The Pune Metropolitan Region Development Authority (PMRDA) held a meeting with hoarding agencies and directed its staff to pull down illegal, unauthorised hoardings to prevent a repeat of the Ghatkopar incident. Readers will recall that on May 13, 2024, a huge hoarding in the Ghatkopar collapsed following a cloudburst claiming the lives of 17 people and injuring more than 75 people.
Just like tree audits, it is time for hoarding audits after the weather bureau has alerted to heavy rainfall. The audits, in fact, must be done regularly given our changing and increasingly unpredictable weather patterns. This is also an effective checks network as those booking and putting up these hoardings will realise there is an authority conducting inspection at any time, and they will be under scrutiny.
To weed out the rot in the system, those in charge need to get to the root of how illegal hoardings come up. How do these fly under the system’s radar and manage to come up? Are there loopholes in the system?

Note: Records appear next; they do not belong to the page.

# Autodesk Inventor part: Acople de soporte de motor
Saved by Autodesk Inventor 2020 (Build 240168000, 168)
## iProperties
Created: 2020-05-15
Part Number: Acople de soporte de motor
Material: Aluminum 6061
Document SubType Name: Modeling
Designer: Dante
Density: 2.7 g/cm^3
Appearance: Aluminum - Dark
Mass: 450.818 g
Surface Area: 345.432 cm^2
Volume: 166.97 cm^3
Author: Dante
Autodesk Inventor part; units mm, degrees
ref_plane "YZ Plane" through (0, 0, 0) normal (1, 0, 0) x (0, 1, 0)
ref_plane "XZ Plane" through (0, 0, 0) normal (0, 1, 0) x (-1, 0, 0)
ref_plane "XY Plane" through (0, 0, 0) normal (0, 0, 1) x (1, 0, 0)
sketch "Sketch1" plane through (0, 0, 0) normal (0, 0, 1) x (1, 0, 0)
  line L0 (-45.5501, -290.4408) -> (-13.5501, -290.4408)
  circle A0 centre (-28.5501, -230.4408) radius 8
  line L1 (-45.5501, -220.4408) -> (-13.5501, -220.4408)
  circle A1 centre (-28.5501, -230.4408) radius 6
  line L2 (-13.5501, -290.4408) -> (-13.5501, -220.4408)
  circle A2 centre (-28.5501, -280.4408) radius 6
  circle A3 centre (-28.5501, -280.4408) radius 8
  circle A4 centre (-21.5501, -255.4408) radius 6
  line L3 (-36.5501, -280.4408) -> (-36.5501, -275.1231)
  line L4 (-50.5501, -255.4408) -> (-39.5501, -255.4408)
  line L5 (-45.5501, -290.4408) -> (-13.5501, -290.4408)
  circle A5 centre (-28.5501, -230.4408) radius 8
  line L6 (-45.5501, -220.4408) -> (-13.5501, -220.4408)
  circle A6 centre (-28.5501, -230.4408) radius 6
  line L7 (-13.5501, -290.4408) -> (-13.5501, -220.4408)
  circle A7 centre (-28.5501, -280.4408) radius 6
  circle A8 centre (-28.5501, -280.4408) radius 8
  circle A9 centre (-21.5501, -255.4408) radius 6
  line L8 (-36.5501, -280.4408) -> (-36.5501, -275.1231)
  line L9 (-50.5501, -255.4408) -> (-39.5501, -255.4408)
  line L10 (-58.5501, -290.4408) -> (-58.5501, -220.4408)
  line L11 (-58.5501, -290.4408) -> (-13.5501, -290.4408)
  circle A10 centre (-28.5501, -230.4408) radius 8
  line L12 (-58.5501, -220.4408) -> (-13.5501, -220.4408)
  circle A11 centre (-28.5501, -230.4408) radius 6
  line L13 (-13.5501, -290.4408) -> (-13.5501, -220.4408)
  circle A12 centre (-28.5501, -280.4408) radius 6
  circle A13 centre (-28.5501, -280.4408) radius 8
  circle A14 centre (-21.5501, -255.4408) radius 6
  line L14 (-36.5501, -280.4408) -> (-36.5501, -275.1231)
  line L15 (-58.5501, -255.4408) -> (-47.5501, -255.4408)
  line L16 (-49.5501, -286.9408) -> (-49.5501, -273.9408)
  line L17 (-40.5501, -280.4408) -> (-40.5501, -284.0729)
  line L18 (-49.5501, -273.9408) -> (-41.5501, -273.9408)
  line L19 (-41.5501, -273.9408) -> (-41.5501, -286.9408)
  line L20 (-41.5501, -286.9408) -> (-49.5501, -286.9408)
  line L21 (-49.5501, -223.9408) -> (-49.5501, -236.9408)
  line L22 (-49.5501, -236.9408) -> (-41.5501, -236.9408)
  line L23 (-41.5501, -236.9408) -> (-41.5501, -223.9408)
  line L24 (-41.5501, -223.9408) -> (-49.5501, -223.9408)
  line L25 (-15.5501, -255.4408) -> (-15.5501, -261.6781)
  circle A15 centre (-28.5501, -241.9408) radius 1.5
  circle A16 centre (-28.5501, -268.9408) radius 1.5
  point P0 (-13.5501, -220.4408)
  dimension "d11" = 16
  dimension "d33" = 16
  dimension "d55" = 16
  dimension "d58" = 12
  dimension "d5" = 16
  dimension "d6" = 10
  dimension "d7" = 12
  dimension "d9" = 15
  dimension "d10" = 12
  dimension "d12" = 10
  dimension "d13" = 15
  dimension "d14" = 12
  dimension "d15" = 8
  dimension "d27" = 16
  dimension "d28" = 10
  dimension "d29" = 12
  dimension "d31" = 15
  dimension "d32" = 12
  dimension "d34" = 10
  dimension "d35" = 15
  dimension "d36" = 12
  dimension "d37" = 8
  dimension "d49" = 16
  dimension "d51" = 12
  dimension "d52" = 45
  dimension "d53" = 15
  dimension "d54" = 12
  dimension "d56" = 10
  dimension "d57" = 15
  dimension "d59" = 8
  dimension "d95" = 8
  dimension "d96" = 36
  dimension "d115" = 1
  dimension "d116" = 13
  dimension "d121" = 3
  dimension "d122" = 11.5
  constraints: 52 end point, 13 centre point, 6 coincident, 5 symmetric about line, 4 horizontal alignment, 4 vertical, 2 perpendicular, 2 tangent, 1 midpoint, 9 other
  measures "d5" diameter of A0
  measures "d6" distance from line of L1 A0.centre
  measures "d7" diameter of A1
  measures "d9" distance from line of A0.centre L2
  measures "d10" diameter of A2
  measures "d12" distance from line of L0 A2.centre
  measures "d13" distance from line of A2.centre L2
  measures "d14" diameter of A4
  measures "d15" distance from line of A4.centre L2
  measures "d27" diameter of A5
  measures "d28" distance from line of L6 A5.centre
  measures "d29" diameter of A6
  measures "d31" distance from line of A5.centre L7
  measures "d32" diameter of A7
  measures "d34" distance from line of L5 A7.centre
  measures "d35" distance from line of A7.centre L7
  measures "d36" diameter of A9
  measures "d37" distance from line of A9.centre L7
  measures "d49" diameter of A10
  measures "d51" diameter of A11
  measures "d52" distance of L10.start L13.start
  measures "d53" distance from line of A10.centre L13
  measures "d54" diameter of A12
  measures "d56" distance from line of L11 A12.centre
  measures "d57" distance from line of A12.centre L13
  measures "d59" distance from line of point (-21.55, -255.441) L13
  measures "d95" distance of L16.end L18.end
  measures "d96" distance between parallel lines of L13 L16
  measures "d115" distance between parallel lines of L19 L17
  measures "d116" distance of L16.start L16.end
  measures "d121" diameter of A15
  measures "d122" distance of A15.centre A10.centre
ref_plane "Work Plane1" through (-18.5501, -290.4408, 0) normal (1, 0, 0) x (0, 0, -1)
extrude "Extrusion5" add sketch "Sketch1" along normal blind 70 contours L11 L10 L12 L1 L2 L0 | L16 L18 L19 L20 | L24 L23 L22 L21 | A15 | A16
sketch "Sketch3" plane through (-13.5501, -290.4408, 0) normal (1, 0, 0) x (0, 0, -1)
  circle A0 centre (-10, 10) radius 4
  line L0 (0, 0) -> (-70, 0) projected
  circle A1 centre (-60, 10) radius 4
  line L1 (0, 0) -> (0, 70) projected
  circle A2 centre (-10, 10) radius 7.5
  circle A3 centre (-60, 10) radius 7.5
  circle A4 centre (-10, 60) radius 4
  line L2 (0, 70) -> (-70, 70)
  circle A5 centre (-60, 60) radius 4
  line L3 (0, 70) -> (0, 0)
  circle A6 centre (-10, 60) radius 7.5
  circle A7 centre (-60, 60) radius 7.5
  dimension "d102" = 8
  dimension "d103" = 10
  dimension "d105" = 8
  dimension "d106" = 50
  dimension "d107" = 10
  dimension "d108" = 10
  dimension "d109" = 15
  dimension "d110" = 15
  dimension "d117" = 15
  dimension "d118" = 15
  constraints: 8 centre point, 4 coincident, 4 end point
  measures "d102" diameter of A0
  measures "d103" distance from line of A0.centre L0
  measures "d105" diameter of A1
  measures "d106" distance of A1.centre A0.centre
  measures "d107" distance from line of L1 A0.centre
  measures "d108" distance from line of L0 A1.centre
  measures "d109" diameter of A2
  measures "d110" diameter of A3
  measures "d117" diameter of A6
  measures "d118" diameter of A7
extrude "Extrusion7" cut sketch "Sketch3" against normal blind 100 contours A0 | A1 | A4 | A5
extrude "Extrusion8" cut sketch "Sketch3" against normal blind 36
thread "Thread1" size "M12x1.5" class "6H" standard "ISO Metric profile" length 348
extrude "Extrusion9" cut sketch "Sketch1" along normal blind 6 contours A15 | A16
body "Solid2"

Are individuals compromised? These are the questions that need to be answered and areas to be looked at.
We need to look at whether hoardings are unsuitable for certain areas and should not be there at all. If permissions are given, are the hoardings adhering to the size and weight that is allowed? Even internally, periodic checks about structure and hoarding strength have to be done.
One hoarding structure should not have multiple hoardings installed, as that is surely dangerous and a disaster in the making. Hoardings should not interfere with road visibility. Here, we even see small banners and posters at times, obliterating or interfering with views due to their placement. Take a tough stance on hoardings and a 360-degree perspective for all permissions to be granted and hoardings allowed to be erected.